Abstract:
A composite beam system that can be used for the framing system in bridges or buildings and provide enhanced corrosion protection includes a fiber reinforced plastic beam shell with compression and tension reinforcement. The compression reinforcement consists of portland cement concrete which is pumped into a profiled conduit within the beam shell. The conduit for the compression reinforcement is profiled to optimally resist the internal forces in the composite beam for a particular loading. The tension reinforcement consists of carbon, glass or steel fibers anchored by wrapping around the ends of the compression reinforcement. The positioning of the tension reinforcement is optimally designed to equilibrate the internal forces in the compression reinforcement. Each composite beam has a series of internal vertical stiffeners which are perpendicular to the sides of the beam shell. The composite beams can be used in the construction of bridges and buildings using conventional erection techniques. The compression reinforcement can be installed into the beam after it is erected. This results in a very light weight structural member for transportation and erection.

Description:
This application claims the benefit of U.S. Provisional Application Ser. No. 60/050,612, filed Jun. 24, 1997. 
    
    
     TECHNICAL FIELD 
     This invention relates generally to bridge structures and building structures designed for pedestrian and/or vehicular traffic and more specifically to commercial and industrial framed building construction and short to medium span bridges. 
     BACKGROUND ART 
     Many or most of the short-span bridge structures in the United States are constructed of a deck surface on top of a supporting structure, most commonly a framework of steel or prestressed concrete I-beams. For example, a conventional two-span bridge (a total span of 140 feet) could have a 3&#34; pavement wearing surface on a 7&#34; structural slab of reinforced concrete supported on top of a framing system consisting of five longitudinal 36&#34; steel wide flange beams or five longitudinal 45&#34; type IV AASHTO prestressed concrete girders. 
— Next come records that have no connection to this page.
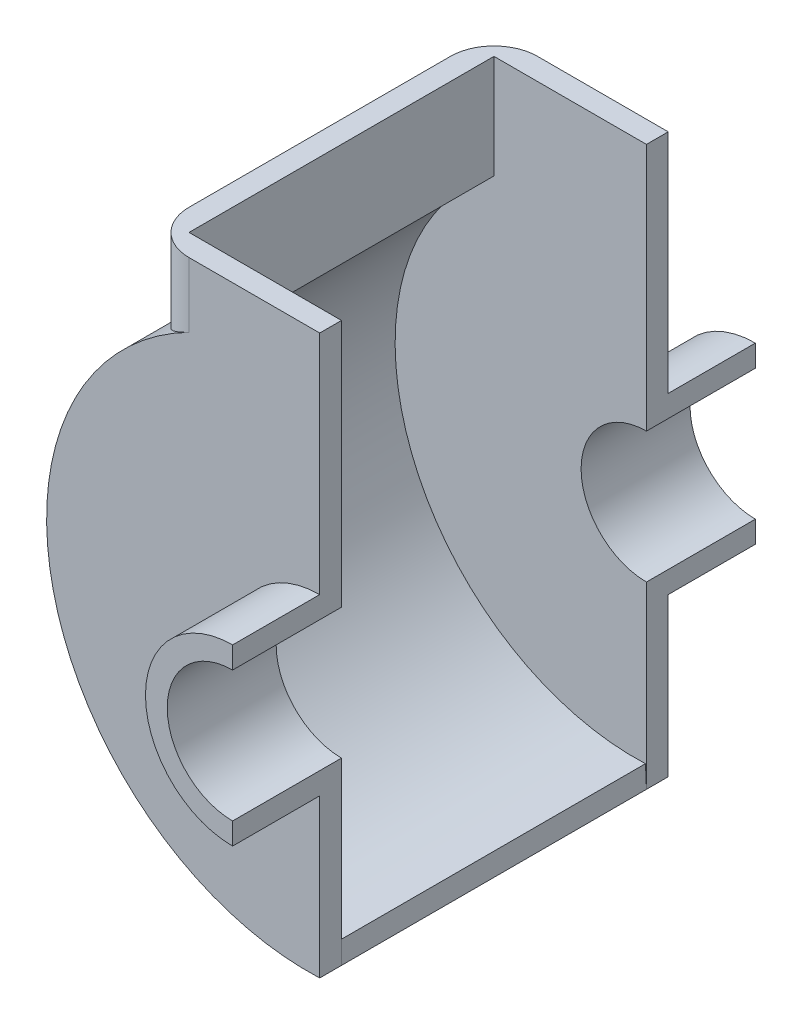
ISO-10303-21;
HEADER;
FILE_DESCRIPTION(('STEP AP214'),'2;1');
FILE_NAME('part.step','',(''),(''),'','','');
FILE_SCHEMA(('AUTOMOTIVE_DESIGN { 1 0 10303 214 1 1 1 1 }'));
ENDSEC;
DATA;
#1=APPLICATION_CONTEXT('core data for automotive mechanical design processes');
#2=APPLICATION_PROTOCOL_DEFINITION('international standard','automotive_design',2000,#1);
#3=PRODUCT_CONTEXT('',#1,'mechanical');
#4=PRODUCT('Part','Part','',(#3));
#5=PRODUCT_RELATED_PRODUCT_CATEGORY('part','',(#4));
#6=PRODUCT_DEFINITION_FORMATION('','',#4);
#7=PRODUCT_DEFINITION_CONTEXT('part definition',#1,'design');
#8=PRODUCT_DEFINITION('design','',#6,#7);
#9=PRODUCT_DEFINITION_SHAPE('','',#8);
#10=(LENGTH_UNIT() NAMED_UNIT(*) SI_UNIT(.MILLI.,.METRE.));
#11=(NAMED_UNIT(*) PLANE_ANGLE_UNIT() SI_UNIT($,.RADIAN.));
#12=(NAMED_UNIT(*) SI_UNIT($,.STERADIAN.) SOLID_ANGLE_UNIT());
#13=UNCERTAINTY_MEASURE_WITH_UNIT(LENGTH_MEASURE(1.E-05),#10,'distance_accuracy_value','');
#14=(GEOMETRIC_REPRESENTATION_CONTEXT(3) GLOBAL_UNCERTAINTY_ASSIGNED_CONTEXT((#13)) GLOBAL_UNIT_ASSIGNED_CONTEXT((#10,
#11,#12)) REPRESENTATION_CONTEXT('',''));
#15=CARTESIAN_POINT('',(0.,0.,0.));
#16=DIRECTION('',(0.,0.,1.));
#17=DIRECTION('',(1.,0.,0.));
#18=AXIS2_PLACEMENT_3D('',#15,#16,#17);
#19=CARTESIAN_POINT('',(0.,0.,0.));
#20=DIRECTION('',(0.,0.,1.));
#21=DIRECTION('',(1.,0.,0.));
#22=AXIS2_PLACEMENT_3D('',#19,#20,#21);
#23=PLANE('',#22);
#24=DIRECTION('',(0.,1.,0.));
#25=VECTOR('',#24,1.);
#26=CARTESIAN_POINT('',(-35.,72.,0.));
#27=LINE('',#26,#25);
#28=CARTESIAN_POINT('',(-35.,72.,0.));
#29=VERTEX_POINT('',#28);
#30=CARTESIAN_POINT('',(-35.,48.2294254543984,0.));
#31=VERTEX_POINT('',#30);
#32=EDGE_CURVE('E271',#29,#31,#27,.F.);
#33=ORIENTED_EDGE('',*,*,#32,.F.);
#34=DIRECTION('',(-1.,0.,0.));
#35=VECTOR('',#34,1.);
#36=CARTESIAN_POINT('',(0.,72.,0.));
#37=LINE('',#36,#35);
#38=CARTESIAN_POINT('',(0.,72.,0.));
#39=VERTEX_POINT('',#38);
#40=EDGE_CURVE('E269',#39,#29,#37,.T.);
#41=ORIENTED_EDGE('',*,*,#40,.F.);
#42=DIRECTION('',(0.,1.,0.));
#43=VECTOR('',#42,1.);
#44=CARTESIAN_POINT('',(0.,15.,0.));
#45=LINE('',#44,#43);
#46=CARTESIAN_POINT('',(0.,15.,0.));
#47=VERTEX_POINT('',#46);
#48=EDGE_CURVE('E347',#47,#39,#45,.T.);
#49=ORIENTED_EDGE('',*,*,#48,.F.);
#50=CARTESIAN_POINT('',(0.,0.,0.));
#51=DIRECTION('',(0.,0.,-1.));
#52=DIRECTION('',(1.,0.,0.));
#53=AXIS2_PLACEMENT_3D('',#50,#51,#52);
#54=CIRCLE('',#53,15.);
#55=CARTESIAN_POINT('',(0.,-15.,0.));
#56=VERTEX_POINT('',#55);
#57=EDGE_CURVE('E328',#56,#47,#54,.T.);
#58=ORIENTED_EDGE('',*,*,#57,.F.);
#59=DIRECTION('',(0.,1.,0.));
#60=VECTOR('',#59,1.);
#61=CARTESIAN_POINT('',(0.,-15.,0.));
#62=LINE('',#61,#60);
#63=CARTESIAN_POINT('',(0.,-56.2204786512153,0.));
#64=VERTEX_POINT('',#63);
#65=EDGE_CURVE('E334',#64,#56,#62,.T.);
#66=ORIENTED_EDGE('',*,*,#65,.F.);
#67=DIRECTION('',(-0.0448600408326044,0.998993281627308,0.));
#68=VECTOR('',#67,1.);
#69=CARTESIAN_POINT('',(0.,-56.2204786512153,0.));
#70=LINE('',#69,#68);
#71=CARTESIAN_POINT('',(-0.224300204163022,-51.2255122430787,0.));
#72=VERTEX_POINT('',#71);
#73=EDGE_CURVE('E270',#64,#72,#70,.T.);
#74=ORIENTED_EDGE('',*,*,#73,.T.);
#75=CARTESIAN_POINT('',(-2.69160244995626,3.71911824642318,0.));
#76=DIRECTION('',(0.,0.,-1.));
#77=DIRECTION('',(-1.,0.,0.));
#78=AXIS2_PLACEMENT_3D('',#75,#76,#77);
#79=CIRCLE('',#78,55.);
#80=EDGE_CURVE('E266',#31,#72,#79,.F.);
#81=ORIENTED_EDGE('',*,*,#80,.F.);
#82=EDGE_LOOP('',(#33,#41,#49,#58,#66,#74,#81));
#83=FACE_BOUND('',#82,.T.);
#84=ADVANCED_FACE('F38',(#83),#23,.F.);
#85=CARTESIAN_POINT('',(0.,0.,25.));
#86=DIRECTION('',(0.,0.,-1.));
#87=DIRECTION('',(-1.,0.,0.));
#88=AXIS2_PLACEMENT_3D('',#85,#86,#87);
#89=CYLINDRICAL_SURFACE('',#88,15.);
#90=DIRECTION('',(0.,0.,-1.));
#91=VECTOR('',#90,1.);
#92=CARTESIAN_POINT('',(0.,-15.,25.));
#93=LINE('',#92,#91);
#94=CARTESIAN_POINT('',(0.,-15.,25.));
#95=VERTEX_POINT('',#94);
#96=EDGE_CURVE('E343',#95,#56,#93,.T.);
#97=ORIENTED_EDGE('',*,*,#96,.T.);
#98=ORIENTED_EDGE('',*,*,#57,.T.);
#99=DIRECTION('',(0.,0.,-1.));
#100=VECTOR('',#99,1.);
#101=CARTESIAN_POINT('',(0.,15.,25.));
#102=LINE('',#101,#100);
#103=CARTESIAN_POINT('',(0.,15.,25.));
#104=VERTEX_POINT('',#103);
#105=EDGE_CURVE('E362',#104,#47,#102,.T.);
#106=ORIENTED_EDGE('',*,*,#105,.F.);
#107=CARTESIAN_POINT('',(0.,0.,25.));
#108=DIRECTION('',(0.,0.,-1.));
#109=DIRECTION('',(1.,0.,0.));
#110=AXIS2_PLACEMENT_3D('',#107,#108,#109);
#111=CIRCLE('',#110,15.);
#112=EDGE_CURVE('E329',#95,#104,#111,.T.);
#113=ORIENTED_EDGE('',*,*,#112,.F.);
#114=EDGE_LOOP('',(#97,#98,#106,#113));
#115=FACE_BOUND('',#114,.T.);
#116=ADVANCED_FACE('F397',(#115),#89,.F.);
#117=CARTESIAN_POINT('',(0.,15.,25.));
#118=DIRECTION('',(-1.,0.,0.));
#119=DIRECTION('',(0.,0.,1.));
#120=AXIS2_PLACEMENT_3D('',#117,#118,#119);
#121=PLANE('',#120);
#122=ORIENTED_EDGE('',*,*,#105,.T.);
#123=ORIENTED_EDGE('',*,*,#48,.T.);
#124=DIRECTION('',(0.,0.,-1.));
#125=VECTOR('',#124,1.);
#126=CARTESIAN_POINT('',(0.,72.,5.));
#127=LINE('',#126,#125);
#128=CARTESIAN_POINT('',(0.,72.,5.));
#129=VERTEX_POINT('',#128);
#130=EDGE_CURVE('E321',#129,#39,#127,.T.);
#131=ORIENTED_EDGE('',*,*,#130,.F.);
#132=DIRECTION('',(0.,1.,0.));
#133=VECTOR('',#132,1.);
#134=CARTESIAN_POINT('',(0.,15.,5.));
#135=LINE('',#134,#133);
#136=CARTESIAN_POINT('',(0.,20.,5.));
#137=VERTEX_POINT('',#136);
#138=EDGE_CURVE('E294',#137,#129,#135,.T.);
#139=ORIENTED_EDGE('',*,*,#138,.F.);
#140=DIRECTION('',(0.,0.,-1.));
#141=VECTOR('',#140,1.);
#142=CARTESIAN_POINT('',(0.,20.,25.));
#143=LINE('',#142,#141);
#144=CARTESIAN_POINT('',(0.,20.,25.));
#145=VERTEX_POINT('',#144);
#146=EDGE_CURVE('E359',#145,#137,#143,.T.);
#147=ORIENTED_EDGE('',*,*,#146,.F.);
#148=DIRECTION('',(0.,1.,0.));
#149=VECTOR('',#148,1.);
#150=CARTESIAN_POINT('',(0.,15.,25.));
#151=LINE('',#150,#149);
#152=EDGE_CURVE('E333',#104,#145,#151,.T.);
#153=ORIENTED_EDGE('',*,*,#152,.F.);
#154=EDGE_LOOP('',(#122,#123,#131,#139,#147,#153));
#155=FACE_BOUND('',#154,.T.);
#156=ADVANCED_FACE('F400',(#155),#121,.F.);
#157=CARTESIAN_POINT('',(0.,0.,25.));
#158=DIRECTION('',(0.,0.,-1.));
#159=DIRECTION('',(-1.,0.,0.));
#160=AXIS2_PLACEMENT_3D('',#157,#158,#159);
#161=CYLINDRICAL_SURFACE('',#160,20.);
#162=ORIENTED_EDGE('',*,*,#146,.T.);
#163=CARTESIAN_POINT('',(0.,0.,5.));
#164=DIRECTION('',(0.,0.,1.));
#165=DIRECTION('',(1.,0.,0.));
#166=AXIS2_PLACEMENT_3D('',#163,#164,#165);
#167=CIRCLE('',#166,20.);
#168=CARTESIAN_POINT('',(0.,-20.,5.));
#169=VERTEX_POINT('',#168);
#170=EDGE_CURVE('E325',#137,#169,#167,.T.);
#171=ORIENTED_EDGE('',*,*,#170,.T.);
#172=DIRECTION('',(0.,0.,-1.));
#173=VECTOR('',#172,1.);
#174=CARTESIAN_POINT('',(0.,-20.,25.));
#175=LINE('',#174,#173);
#176=CARTESIAN_POINT('',(0.,-20.,25.));
#177=VERTEX_POINT('',#176);
#178=EDGE_CURVE('E355',#177,#169,#175,.T.);
#179=ORIENTED_EDGE('',*,*,#178,.F.);
#180=CARTESIAN_POINT('',(0.,0.,25.));
#181=DIRECTION('',(0.,0.,1.));
#182=DIRECTION('',(1.,0.,0.));
#183=AXIS2_PLACEMENT_3D('',#180,#181,#182);
#184=CIRCLE('',#183,20.);
#185=EDGE_CURVE('E337',#145,#177,#184,.T.);
#186=ORIENTED_EDGE('',*,*,#185,.F.);
#187=EDGE_LOOP('',(#162,#171,#179,#186));
#188=FACE_BOUND('',#187,.T.);
#189=ADVANCED_FACE('F404',(#188),#161,.T.);
#190=CARTESIAN_POINT('',(0.,-15.,25.));
#191=DIRECTION('',(-1.,0.,0.));
#192=DIRECTION('',(0.,0.,1.));
#193=AXIS2_PLACEMENT_3D('',#190,#191,#192);
#194=PLANE('',#193);
#195=ORIENTED_EDGE('',*,*,#178,.T.);
#196=DIRECTION('',(0.,1.,0.));
#197=VECTOR('',#196,1.);
#198=CARTESIAN_POINT('',(0.,-20.,5.));
#199=LINE('',#198,#197);
#200=CARTESIAN_POINT('',(0.,-56.2204786512153,5.));
#201=VERTEX_POINT('',#200);
#202=EDGE_CURVE('E302',#201,#169,#199,.T.);
#203=ORIENTED_EDGE('',*,*,#202,.F.);
#204=DIRECTION('',(0.,0.,-1.));
#205=VECTOR('',#204,1.);
#206=CARTESIAN_POINT('',(0.,-56.2204786512153,5.));
#207=LINE('',#206,#205);
#208=EDGE_CURVE('E306',#201,#64,#207,.T.);
#209=ORIENTED_EDGE('',*,*,#208,.T.);
#210=ORIENTED_EDGE('',*,*,#65,.T.);
#211=ORIENTED_EDGE('',*,*,#96,.F.);
#212=DIRECTION('',(0.,1.,0.));
#213=VECTOR('',#212,1.);
#214=CARTESIAN_POINT('',(0.,-15.,25.));
#215=LINE('',#214,#213);
#216=EDGE_CURVE('E340',#177,#95,#215,.T.);
#217=ORIENTED_EDGE('',*,*,#216,.F.);
#218=EDGE_LOOP('',(#195,#203,#209,#210,#211,#217));
#219=FACE_BOUND('',#218,.T.);
#220=ADVANCED_FACE('F408',(#219),#194,.F.);
#221=CARTESIAN_POINT('',(0.,0.,25.));
#222=DIRECTION('',(0.,0.,1.));
#223=DIRECTION('',(1.,0.,0.));
#224=AXIS2_PLACEMENT_3D('',#221,#222,#223);
#225=PLANE('',#224);
#226=ORIENTED_EDGE('',*,*,#112,.T.);
#227=ORIENTED_EDGE('',*,*,#152,.T.);
#228=ORIENTED_EDGE('',*,*,#185,.T.);
#229=ORIENTED_EDGE('',*,*,#216,.T.);
#230=EDGE_LOOP('',(#226,#227,#228,#229));
#231=FACE_BOUND('',#230,.T.);
#232=ADVANCED_FACE('F412',(#231),#225,.T.);
#233=CARTESIAN_POINT('',(-2.69160244995626,3.71911824642318,5.));
#234=DIRECTION('',(0.,0.,1.));
#235=DIRECTION('',(1.,0.,0.));
#236=AXIS2_PLACEMENT_3D('',#233,#234,#235);
#237=PLANE('',#236);
#238=DIRECTION('',(-1.,0.,0.));
#239=VECTOR('',#238,1.);
#240=CARTESIAN_POINT('',(0.,72.,5.));
#241=LINE('',#240,#239);
#242=CARTESIAN_POINT('',(-30.,72.,5.));
#243=VERTEX_POINT('',#242);
#244=EDGE_CURVE('E297',#129,#243,#241,.T.);
#245=ORIENTED_EDGE('',*,*,#244,.T.);
#246=DIRECTION('',(0.,-1.,0.));
#247=VECTOR('',#246,1.);
#248=CARTESIAN_POINT('',(-30.,50.7093669396137,5.));
#249=LINE('',#248,#247);
#250=CARTESIAN_POINT('',(-30.,57.1443128950977,5.));
#251=VERTEX_POINT('',#250);
#252=EDGE_CURVE('E379',#243,#251,#249,.T.);
#253=ORIENTED_EDGE('',*,*,#252,.T.);
#254=CARTESIAN_POINT('',(-2.69160244995626,3.71911824642318,5.));
#255=DIRECTION('',(0.,0.,1.));
#256=DIRECTION('',(1.,0.,0.));
#257=AXIS2_PLACEMENT_3D('',#254,#255,#256);
#258=CIRCLE('',#257,60.);
#259=EDGE_CURVE('E59',#251,#201,#258,.T.);
#260=ORIENTED_EDGE('',*,*,#259,.T.);
#261=ORIENTED_EDGE('',*,*,#202,.T.);
#262=ORIENTED_EDGE('',*,*,#170,.F.);
#263=ORIENTED_EDGE('',*,*,#138,.T.);
#264=EDGE_LOOP('',(#245,#253,#260,#261,#262,#263));
#265=FACE_BOUND('',#264,.T.);
#266=ADVANCED_FACE('F419',(#265),#237,.T.);
#267=CARTESIAN_POINT('',(0.,72.,5.));
#268=DIRECTION('',(0.,-1.,0.));
#269=DIRECTION('',(0.,0.,-1.));
#270=AXIS2_PLACEMENT_3D('',#267,#268,#269);
#271=PLANE('',#270);
#272=DIRECTION('',(-1.,0.,0.));
#273=VECTOR('',#272,1.);
#274=CARTESIAN_POINT('',(0.,72.,-75.));
#275=LINE('',#274,#273);
#276=CARTESIAN_POINT('',(0.,72.,-75.));
#277=VERTEX_POINT('',#276);
#278=CARTESIAN_POINT('',(-30.,72.,-75.));
#279=VERTEX_POINT('',#278);
#280=EDGE_CURVE('E177',#277,#279,#275,.T.);
#281=ORIENTED_EDGE('',*,*,#280,.T.);
#282=CARTESIAN_POINT('',(-30.,72.,-65.));
#283=DIRECTION('',(0.,-1.,0.));
#284=DIRECTION('',(0.,0.,-1.));
#285=AXIS2_PLACEMENT_3D('',#282,#283,#284);
#286=CIRCLE('',#285,10.);
#287=CARTESIAN_POINT('',(-40.,72.,-65.));
#288=VERTEX_POINT('',#287);
#289=EDGE_CURVE('E376',#279,#288,#286,.F.);
#290=ORIENTED_EDGE('',*,*,#289,.T.);
#291=DIRECTION('',(0.,0.,-1.));
#292=VECTOR('',#291,1.);
#293=CARTESIAN_POINT('',(-40.,72.,5.));
#294=LINE('',#293,#292);
#295=CARTESIAN_POINT('',(-40.,72.,-5.));
#296=VERTEX_POINT('',#295);
#297=EDGE_CURVE('E317',#296,#288,#294,.T.);
#298=ORIENTED_EDGE('',*,*,#297,.F.);
#299=CARTESIAN_POINT('',(-30.,72.,-5.));
#300=DIRECTION('',(0.,-1.,0.));
#301=DIRECTION('',(0.,0.,-1.));
#302=AXIS2_PLACEMENT_3D('',#299,#300,#301);
#303=CIRCLE('',#302,10.);
#304=EDGE_CURVE('E67',#296,#243,#303,.F.);
#305=ORIENTED_EDGE('',*,*,#304,.T.);
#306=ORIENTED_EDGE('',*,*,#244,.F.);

     There is believed to be a significant need in the U.S. for a structural beam for use in the framework of a bridge that provides greater resistance to corrosion through the use of plastic, and that can be built not only at a competitive cost, but also with a reduction in the self weight of the structural members as it relates to transportation and erection costs. Of course plastic can also refer to fiber reinforced plastic. 
     It has been known that fabrication of structural elements from fiber reinforced plastics results in a structure that is less susceptible to deterioration stemming from exposure to corrosive environments. One type of structural framing member is currently manufactured using the pultrusion process. In this process, unidirectional fibers (typically glass) are pulled continuously through a metal die where they are encompassed by a multidirectional glass fabric and fused together with a thermosetting resin matrix such as vinyl ester. Although the composite structural members offer enhanced corrosion resistance, it is well known that structural shapes utilizing glass fibers have a very low elastic modulus compared to steel and very high material costs relative to both concrete and steel. As a result, pultruded structural beams consisting entirely of fiber reinforced plastic cannot be cost effectively designed and fabricated to meet the serviceability requirements, i.e. live load deflection criteria, currently mandated in the design codes for buildings and bridges. 
     SUMMARY OF THE INVENTION 
     The invention disclosed and claimed in this application provides a composite beam system that provides lighter weight for transportation and erection, enhanced corrosion resistance and in a more specific embodiment is non-conductive with respect to electrical currents. 
     The composite structural beam system consists of three main subcomponents. The first of these is the plastic beam shell which encapsulates the other two subcomponents. The second major subcomponent is the compression reinforcement which consists of portland cement grout or concrete which is pumped or pressure injected into a continuous conduit fabricated into the beam shell. The alignment of the conduit for the compression reinforcement is optimally designed to conform to the anticipated loadings for the beam. The third and final major subcomponent of the beam is the tension reinforcement which is used to equilibrate the internal forces in the compression reinforcing. This tension reinforcing could consist of unidirectional carbon or glass fibers or it could consist of steel fibers, e.g. standard mild reinforcing steel or prestressing strand infused in the same matrix during fabrication of the glass beam shell. 
    
    
     BRIEF DESCRIPTION OF THE DRAWINGS 
     Further advantages of the invention will become apparent upon reading the following detailed description of the invention in conjunction with the accompanying drawings, in which: 
     FIG. 1 is a fragmentary perspective of one embodiment of a bridge constructed using composite beams in accordance with the present invention; 
     FIG. 2 is a typical cross-sectional view of the bridge shown in FIG. 1; 
     FIG. 3 is a typical side view of a composite beam of the bridge shown in FIG. 1; 
     FIG. 4 is a fragmentary perspective composite beam. 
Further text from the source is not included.